[Python-ideas] unicodedata.itergraphemes (or str.itergraphemes / str.graphemes)

Mon Jul 8 22:41:20 CEST 2013

On 08/07/2013 21:26, Bruce Leban wrote:
>
> On Mon, Jul 8, 2013 at 1:02 PM, David Mertz <mertz at gnosis.cx
> <mailto:mertz at gnosis.cx>> wrote:
>
>     I think the API Bruce suggests, along with its module location in
>     'unicodedata' makes more sense than the iterator only.
>
>     But it seems to me that it would still be useful to explicitly break
>     a string into its component clusters with a similar function.  E.g.:
>
>        graphemes = unicodedata.grapheme_clusters(str)  # Returns an
>     iterator of strings, often single characters
>        for g in graphemes: ...
>
>     It wouldn't be very hard to implement 'grapheme_clusters' in terms
>     of the API Bruce suggests, but I feel like it should have a standard
>     name and API along with those others.  Actually, I guess the
>     implementation is just:
>
>        def grapheme_clusters(s):
>            for i in range(len(str)):
>                if i == unicodedata.grapheme_start(s, i):
>                    yield unicodedata.grapheme_cluster(s, i)
>
>
> Yes, I still think the iterator is useful.
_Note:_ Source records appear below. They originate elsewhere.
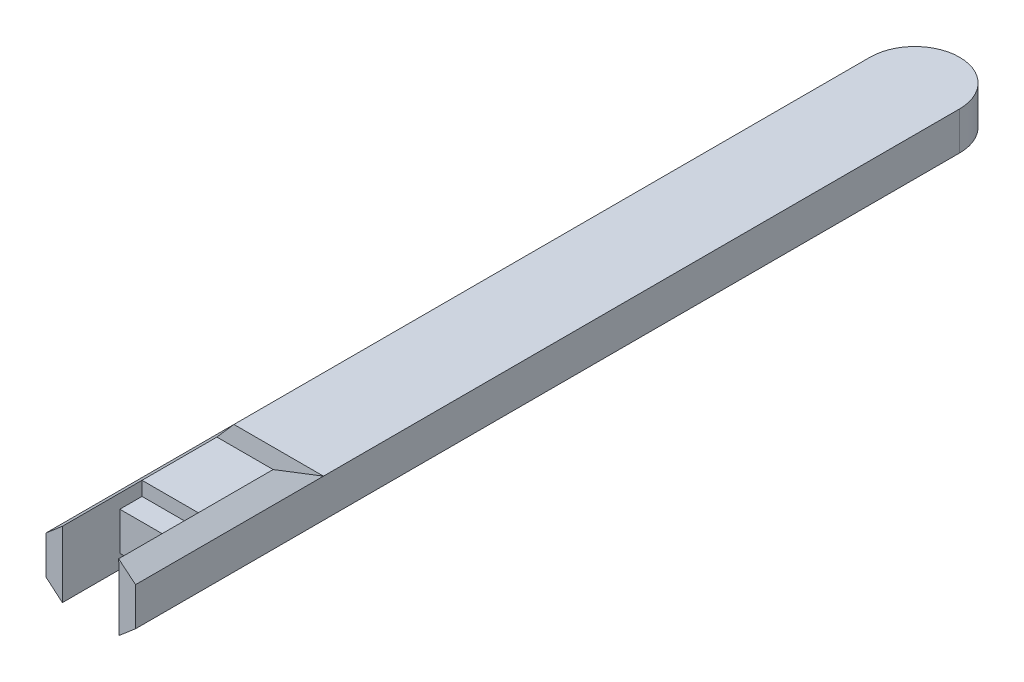
SolidWorks part; units mm, degrees
ref_plane "Front Plane" through (0, 0, 0) normal (0, 0, 1) x (1, 0, 0)
ref_plane "Top Plane" through (0, 0, 0) normal (0, 1, 0) x (1, 0, 0)
ref_plane "Right Plane" through (0, 0, 0) normal (1, 0, 0) x (0, 0, -1)
sketch "Sketch1" plane through (0, 0, 0) normal (0, 1, 0) x (1, 0, 0)
  line L1 (6.7, 61.65) -> (-6.7, 61.65)
  line L2 (6.7, 61.65) -> (6.7, -61.65)
  line L3 (6.7, -61.65) -> (-6.7, -61.65)
  line L4 (-6.7, 61.65) -> (-6.7, -61.65)
  line L5 (6.7, 61.65) -> (-6.7, -61.65) construction
  line L6 (6.7, -61.65) -> (-6.7, 61.65) construction
  arc A0 (-6.7, 61.65) -> (6.7, 61.65) centre (0, 61.65) cw
  point P0 (0, 0)
  dimension "D2" = 6.7
  dimension "D1" = 13.4
  dimension "D3" = 123.3
extrude "Boss-Extrude1" add sketch "Sketch1" along normal blind 5.72 contours L1 L4 L3 L2 | A0 L1
sketch "Sketch3" plane through (6.7, 0, 0) normal (1, 0, 0) x (0, 0, -1)
  line L0 (-49.73, 5.72) -> (-33.53, 5.72)
  line L1 (61.65, 5.72) -> (-61.65, 5.72) construction
  line L2 (-33.53, 5.72) -> (-49.73, 5.72)
  line L3 (-49.73, 7.81) -> (-49.73, 5.72)
  line L4 (-38.53, 7.81) -> (-49.73, 7.81)
  line L5 (-38.53, 7.81) -> (-33.53, 5.72)
  line M6 (61.65, 5.72) -> (-61.65, 5.72)
  dimension "D1" = 11.92
  dimension "D2" = 16.2
  dimension "D3" = 2.09
  dimension "D4" = 11.2
extrude "Boss-Extrude2" add sketch "Sketch3" against normal blind 13.4 contours L5 L4 L3 M6
sketch "Sketch4" plane through (6.7, 0, 0) normal (1, 0, 0) x (0, 0, -1)
  line L0 (-49.73, 0) -> (-33.53, 0)
  line L1 (61.65, 0) -> (-61.65, 0) construction
  line L2 (-33.53, 0) -> (-38.53, -2.09)
  line L3 (-38.53, -2.09) -> (-49.73, -2.09)
  line L4 (-49.73, -2.09) -> (-49.73, 0)
  dimension "D1" = 11.92
  dimension "D2" = 11.2
  dimension "D3" = 16.2
  dimension "D4" = 2.09
extrude "Boss-Extrude3" add sketch "Sketch4" against normal blind 13.4
sketch "Sketch5" plane through (0, 0, 0) normal (0, -1, 0) x (1, 0, 0)
  line L0 (-4.25, 61.65) -> (-4.25, 53.05)
  line L1 (6.7, 61.65) -> (-6.7, 61.65) construction
  line L2 (-4.25, 53.05) -> (4.25, 53.05)
  line L3 (4.25, 53.05) -> (4.25, 61.65)
  line L4 (4.25, 61.65) -> (-4.25, 61.65)
  line L5 (-6.7, 49.73) -> (-6.7, 61.65) construction
  dimension "D1" = 8.6
  dimension "D2" = 8.5
  dimension "D3" = 2.45
extrude "Cut-Extrude1" cut sketch "Sketch5" against normal blind 13.4
sketch "Sketch6" plane through (0, 0, 61.65) normal (0, 0, 1) x (1, 0, 0)
  line L2 (-4.25, 5.72) -> (-6.7, 5.72)
  line L3 (-6.7, 5.72) -> (-4.25, 7.81)
  line L4 (-6.7, 7.81) -> (6.7, 7.81) construction
  line L5 (-4.25, 7.81) -> (-4.25, 5.72)
extrude "Boss-Extrude4" add sketch "Sketch6" against normal blind 11.95
sketch "Sketch8" plane through (0, 0, 61.65) normal (0, 0, 1) x (1, 0, 0)
  line L0 (6.7, 5.72) -> (4.1696, 7.81)
  line L1 (-4.25, 7.81) -> (6.7, 7.81) construction
  line L2 (4.1696, 7.81) -> (4.25, 5.72)
  line L3 (4.25, 5.72) -> (6.7, 5.72)
extrude "Boss-Extrude5" add sketch "Sketch8" against normal blind 11.95
sketch "Sketch10" plane through (0, 0, 49.73) normal (0, 0, 1) x (1, 0, 0)
  line L0 (-6.7, 7.81) -> (-6.7, 5.72)
  line L1 (-6.7, 5.72) -> (-4.25, 7.81)
  line L2 (-4.25, 7.81) -> (-6.7, 7.81)
extrude "Cut-Extrude3" cut sketch "Sketch10" against normal blind 16.5
sketch "Sketch11" plane through (0, 0, 61.65) normal (0, 0, 1) x (1, 0, 0)
  line L0 (4.2455, 0) -> (4.2455, -2.09)
  line L1 (6.7, 0) -> (4.25, 0) construction
  line L2 (4.2455, -2.09) -> (6.7, 0)
  line L3 (6.7, 0) -> (4.2455, 0)
  line L4 (-6.7, -2.09) -> (6.7, -2.09) construction
  point P4 (4.2455, -2.09)
extrude "Boss-Extrude6" add sketch "Sketch11" against normal blind 11.95
sketch "Sketch13" plane through (0, 0, 49.73) normal (0, 0, 1) x (1, 0, 0)
  line L0 (6.7, 0) -> (4.2455, -2.09)
  line L1 (4.2455, -2.09) -> (6.7, -2.09)
  line L2 (6.7, -2.09) -> (6.7, 0)
extrude "Cut-Extrude6" cut sketch "Sketch13" against normal blind 16.6
sketch "Sketch14" plane through (0, 0, 49.73) normal (0, 0, 1) x (1, 0, 0)
  line L0 (4.1696, 7.81) -> (6.7, 7.81)
  line L1 (6.7, 7.81) -> (6.7, 5.72)
  line L2 (6.7, 5.72) -> (4.1696, 7.81)
extrude "Cut-Extrude7" cut sketch "Sketch14" against normal blind 16.6
sketch "Sketch15" plane through (0, 0, 61.65) normal (0, 0, 1) x (1, 0, 0)
  line L2 (-6.7, 0) -> (-4.2957, 0)
  line L3 (-6.7, 0) -> (4.2455, 0) construction
  line L5 (-6.7, 0) -> (-4.2957, 0)
  line L6 (-6.7, 0) -> (-4.25, 0)
  line L7 (-4.25, 7.81) -> (-4.25, 0) construction
  line L8 (-4.25, 0) -> (-4.25, -2.09)
  line L9 (-6.7, -2.09) -> (4.2455, -2.09) construction
  line L10 (-4.25, -2.09) -> (-6.7, 0)
  line M4 (-6.7, 0) -> (-4.25, 0)
extrude "Boss-Extrude7" add sketch "Sketch15" against normal blind 11.95 contours L10 L8 M4
sketch "Sketch16" plane through (0, 0, 49.73) normal (0, 0, 1) x (1, 0, 0)
  line L0 (-6.7, 0) -> (-6.7, -2.09)
  line L1 (-6.7, -2.09) -> (-4.25, -2.09)
  line L2 (-4.25, -2.09) -> (-6.7, 0)
extrude "Cut-Extrude8" cut sketch "Sketch16" against normal blind 16.6

I'd use the following
> implementation instead as the above is going to find the start of each
> multi-char grapheme multiple times.
>
>     def grapheme_clusters(s):
>          if len(str):
>              i = 0
>              while i is not None:
>                  yield unicodedata.grapheme_cluster(s, i)
>                  i = unicodedata.grapheme_next(str, i)
>
>
> This does "if len(str)" at the top rather than just "if str" so it
> raises if passed a non-iterable like None rather than silently accepting it.
>
If it's any help, the alternative regex implementation at:

http://pypi.python.org/pypi/regex

supports matching graphemes, although that bit is written in C.